Exercise material Block Start

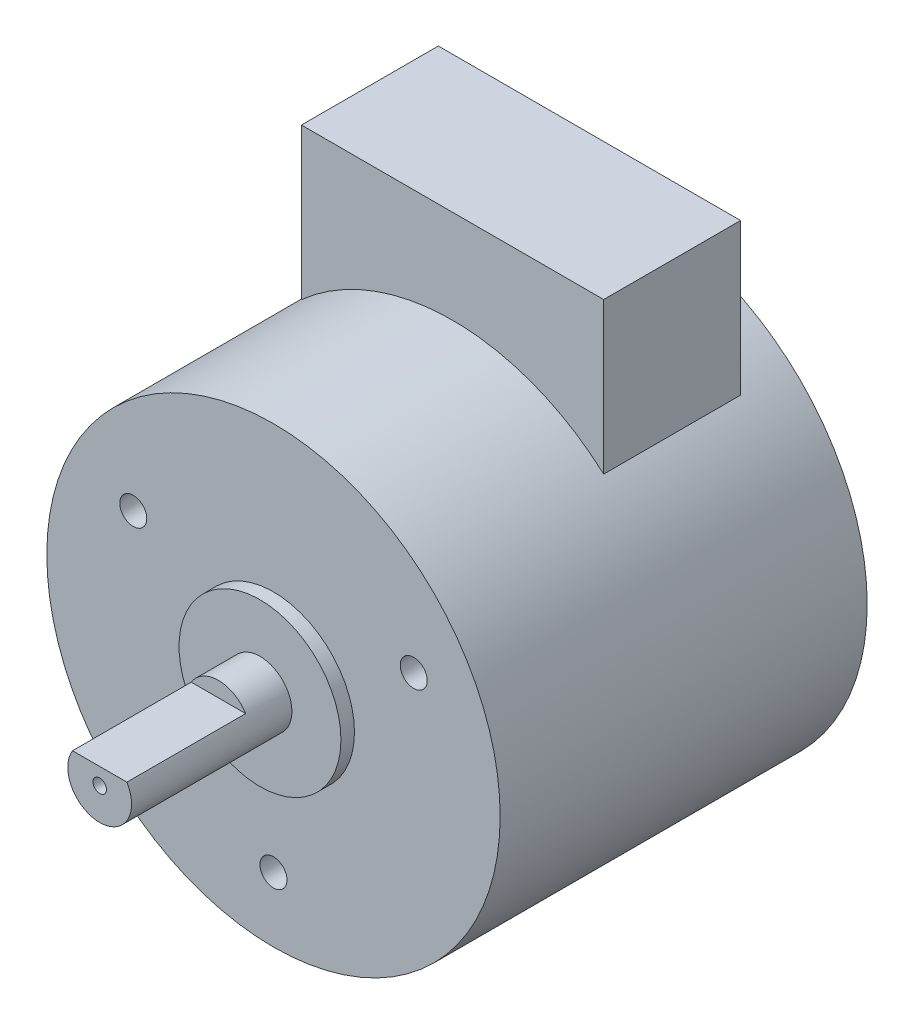
ISO-10303-21;
HEADER;
FILE_DESCRIPTION(('STEP AP214'),'2;1');
FILE_NAME('part.step','',(''),(''),'','','');
FILE_SCHEMA(('AUTOMOTIVE_DESIGN { 1 0 10303 214 1 1 1 1 }'));
ENDSEC;
DATA;
#1=APPLICATION_CONTEXT('core data for automotive mechanical design processes');
#2=APPLICATION_PROTOCOL_DEFINITION('international standard','automotive_design',2000,#1);
#3=PRODUCT_CONTEXT('',#1,'mechanical');
#4=PRODUCT('Part','Part','',(#3));
#5=PRODUCT_RELATED_PRODUCT_CATEGORY('part','',(#4));
#6=PRODUCT_DEFINITION_FORMATION('','',#4);
#7=PRODUCT_DEFINITION_CONTEXT('part definition',#1,'design');
#8=PRODUCT_DEFINITION('design','',#6,#7);
#9=PRODUCT_DEFINITION_SHAPE('','',#8);
#10=(LENGTH_UNIT() NAMED_UNIT(*) SI_UNIT(.MILLI.,.METRE.));
#11=(NAMED_UNIT(*) PLANE_ANGLE_UNIT() SI_UNIT($,.RADIAN.));
#12=(NAMED_UNIT(*) SI_UNIT($,.STERADIAN.) SOLID_ANGLE_UNIT());
#13=UNCERTAINTY_MEASURE_WITH_UNIT(LENGTH_MEASURE(1.E-05),#10,'distance_accuracy_value','');
#14=(GEOMETRIC_REPRESENTATION_CONTEXT(3) GLOBAL_UNCERTAINTY_ASSIGNED_CONTEXT((#13)) GLOBAL_UNIT_ASSIGNED_CONTEXT((#10,
#11,#12)) REPRESENTATION_CONTEXT('',''));
#15=CARTESIAN_POINT('',(0.,0.,0.));
#16=DIRECTION('',(0.,0.,1.));
#17=DIRECTION('',(1.,0.,0.));
#18=AXIS2_PLACEMENT_3D('',#15,#16,#17);
#19=CARTESIAN_POINT('',(0.,0.,34.));
#20=DIRECTION('',(0.,0.,-1.));
#21=DIRECTION('',(-1.,0.,0.));
#22=AXIS2_PLACEMENT_3D('',#19,#20,#21);
#23=CYLINDRICAL_SURFACE('',#22,21.);
#24=DIRECTION('',(0.,0.,1.));
#25=VECTOR('',#24,1.);
#26=CARTESIAN_POINT('',(-14.,15.6524758424985,4.73));
#27=LINE('',#26,#25);
#28=CARTESIAN_POINT('',(-14.,15.6524758424985,4.73));
#29=VERTEX_POINT('',#28);
#30=CARTESIAN_POINT('',(-14.,15.6524758424985,17.41));
#31=VERTEX_POINT('',#30);
#32=EDGE_CURVE('E55',#29,#31,#27,.T.);
#33=ORIENTED_EDGE('',*,*,#32,.F.);
#34=CARTESIAN_POINT('',(0.,0.,4.73));
#35=DIRECTION('',(0.,0.,-1.));
#36=DIRECTION('',(-1.,0.,0.));
#37=AXIS2_PLACEMENT_3D('',#34,#35,#36);
#38=CIRCLE('',#37,21.);
#39=CARTESIAN_POINT('',(14.,15.6524758424985,4.73));
#40=VERTEX_POINT('',#39);
#41=EDGE_CURVE('E59',#29,#40,#38,.T.);
#42=ORIENTED_EDGE('',*,*,#41,.T.);
#43=DIRECTION('',(0.,0.,1.));
#44=VECTOR('',#43,1.);
#45=CARTESIAN_POINT('',(14.,15.6524758424985,4.73));
#46=LINE('',#45,#44);
#47=CARTESIAN_POINT('',(14.,15.6524758424985,17.41));
#48=VERTEX_POINT('',#47);
#49=EDGE_CURVE('E103',#40,#48,#46,.T.);
#50=ORIENTED_EDGE('',*,*,#49,.T.);
#51=CARTESIAN_POINT('',(0.,0.,17.41));
#52=DIRECTION('',(0.,0.,-1.));
#53=DIRECTION('',(-1.,0.,0.));
#54=AXIS2_PLACEMENT_3D('',#51,#52,#53);
#55=CIRCLE('',#54,21.);
#56=EDGE_CURVE('E119',#31,#48,#55,.T.);
#57=ORIENTED_EDGE('',*,*,#56,.F.);
#58=EDGE_LOOP('',(#33,#42,#50,#57));
#59=FACE_BOUND('',#58,.T.);
#60=CARTESIAN_POINT('',(0.,0.,34.));
#61=DIRECTION('',(0.,0.,1.));
#62=DIRECTION('',(1.,0.,0.));
#63=AXIS2_PLACEMENT_3D('',#60,#61,#62);
#64=CIRCLE('',#63,21.);
#65=CARTESIAN_POINT('',(21.,0.,34.));
#66=VERTEX_POINT('',#65);
#67=EDGE_CURVE('E174',#66,#66,#64,.T.);
#68=ORIENTED_EDGE('',*,*,#67,.F.);
#69=EDGE_LOOP('',(#68));
#70=FACE_BOUND('',#69,.T.);
#71=CARTESIAN_POINT('',(0.,0.,0.));
#72=DIRECTION('',(0.,0.,1.));
#73=DIRECTION('',(1.,0.,0.));
#74=AXIS2_PLACEMENT_3D('',#71,#72,#73);
#75=CIRCLE('',#74,21.);
#76=CARTESIAN_POINT('',(21.,0.,0.));
#77=VERTEX_POINT('',#76);
#78=EDGE_CURVE('E42',#77,#77,#75,.T.);
#79=ORIENTED_EDGE('',*,*,#78,.T.);
#80=EDGE_LOOP('',(#79));
#81=FACE_BOUND('',#80,.T.);
#82=ADVANCED_FACE('F39',(#59,#70,#81),#23,.T.);
#83=CARTESIAN_POINT('',(0.,0.,34.));
#84=DIRECTION('',(0.,0.,1.));
#85=DIRECTION('',(1.,0.,0.));
#86=AXIS2_PLACEMENT_3D('',#83,#84,#85);
#87=PLANE('',#86);
#88=CARTESIAN_POINT('',(-12.9903810567665,7.50000000000006,34.));
#89=DIRECTION('',(0.,0.,1.));
#90=DIRECTION('',(-0.500000000000004,-0.866025403784436,0.));
#91=AXIS2_PLACEMENT_3D('',#88,#89,#90);
#92=CIRCLE('',#91,1.25);
#93=CARTESIAN_POINT('',(-13.6153810567666,6.41746824526952,34.));
#94=VERTEX_POINT('',#93);
#95=EDGE_CURVE('E136',#94,#94,#92,.T.);
#96=ORIENTED_EDGE('',*,*,#95,.F.);
#97=EDGE_LOOP('',(#96));
#98=FACE_BOUND('',#97,.T.);
#99=CARTESIAN_POINT('',(12.9903810567666,7.49999999999988,34.));
#100=DIRECTION('',(0.,0.,1.));
#101=DIRECTION('',(-0.499999999999992,0.866025403784443,0.));
#102=AXIS2_PLACEMENT_3D('',#99,#100,#101);
#103=CIRCLE('',#102,1.25);
#104=CARTESIAN_POINT('',(12.3653810567667,8.58253175473043,34.));
#105=VERTEX_POINT('',#104);
#106=EDGE_CURVE('E129',#105,#105,#103,.T.);
#107=ORIENTED_EDGE('',*,*,#106,.F.);
#108=EDGE_LOOP('',(#107));
#109=FACE_BOUND('',#108,.T.);
#110=CARTESIAN_POINT('',(0.,-15.,34.));
#111=DIRECTION('',(0.,0.,1.));
#112=DIRECTION('',(1.,0.,0.));
#113=AXIS2_PLACEMENT_3D('',#110,#111,#112);
#114=CIRCLE('',#113,1.25);
#115=CARTESIAN_POINT('',(1.25,-15.,34.));
#116=VERTEX_POINT('',#115);
#117=EDGE_CURVE('E135',#116,#116,#114,.T.);
#118=ORIENTED_EDGE('',*,*,#117,.F.);
#119=EDGE_LOOP('',(#118));
#120=FACE_BOUND('',#119,.T.);
#121=CARTESIAN_POINT('',(0.,0.,34.));
#122=DIRECTION('',(0.,0.,1.));
#123=DIRECTION('',(1.,0.,0.));
#124=AXIS2_PLACEMENT_3D('',#121,#122,#123);
#125=CIRCLE('',#124,7.5);
#126=CARTESIAN_POINT('',(7.5,0.,34.));
#127=VERTEX_POINT('',#126);
#128=EDGE_CURVE('E47',#127,#127,#125,.T.);
#129=ORIENTED_EDGE('',*,*,#128,.F.);
#130=EDGE_LOOP('',(#129));
#131=FACE_BOUND('',#130,.T.);
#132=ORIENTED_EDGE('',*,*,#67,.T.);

Exercise material Block End

__Brief__:
Copy out the range of lines above starting at the line with "#46=LINE('',#45,#44);" and ending at the line with "#83=CARTESIAN_POINT('',(0.,0.,34.));", exactly and including both.

__Response for this exercise__:
#46=LINE('',#45,#44);
#47=CARTESIAN_POINT('',(14.,15.6524758424985,17.41));
#48=VERTEX_POINT('',#47);
#49=EDGE_CURVE('E103',#40,#48,#46,.T.);
#50=ORIENTED_EDGE('',*,*,#49,.T.);
#51=CARTESIAN_POINT('',(0.,0.,17.41));
#52=DIRECTION('',(0.,0.,-1.));
#53=DIRECTION('',(-1.,0.,0.));
#54=AXIS2_PLACEMENT_3D('',#51,#52,#53);
#55=CIRCLE('',#54,21.);
#56=EDGE_CURVE('E119',#31,#48,#55,.T.);
#57=ORIENTED_EDGE('',*,*,#56,.F.);
#58=EDGE_LOOP('',(#33,#42,#50,#57));
#59=FACE_BOUND('',#58,.T.);
#60=CARTESIAN_POINT('',(0.,0.,34.));
#61=DIRECTION('',(0.,0.,1.));
#62=DIRECTION('',(1.,0.,0.));
#63=AXIS2_PLACEMENT_3D('',#60,#61,#62);
#64=CIRCLE('',#63,21.);
#65=CARTESIAN_POINT('',(21.,0.,34.));
#66=VERTEX_POINT('',#65);
#67=EDGE_CURVE('E174',#66,#66,#64,.T.);
#68=ORIENTED_EDGE('',*,*,#67,.F.);
#69=EDGE_LOOP('',(#68));
#70=FACE_BOUND('',#69,.T.);
#71=CARTESIAN_POINT('',(0.,0.,0.));
#72=DIRECTION('',(0.,0.,1.));
#73=DIRECTION('',(1.,0.,0.));
#74=AXIS2_PLACEMENT_3D('',#71,#72,#73);
#75=CIRCLE('',#74,21.);
#76=CARTESIAN_POINT('',(21.,0.,0.));
#77=VERTEX_POINT('',#76);
#78=EDGE_CURVE('E42',#77,#77,#75,.T.);
#79=ORIENTED_EDGE('',*,*,#78,.T.);
#80=EDGE_LOOP('',(#79));
#81=FACE_BOUND('',#80,.T.);
#82=ADVANCED_FACE('F39',(#59,#70,#81),#23,.T.);
#83=CARTESIAN_POINT('',(0.,0.,34.));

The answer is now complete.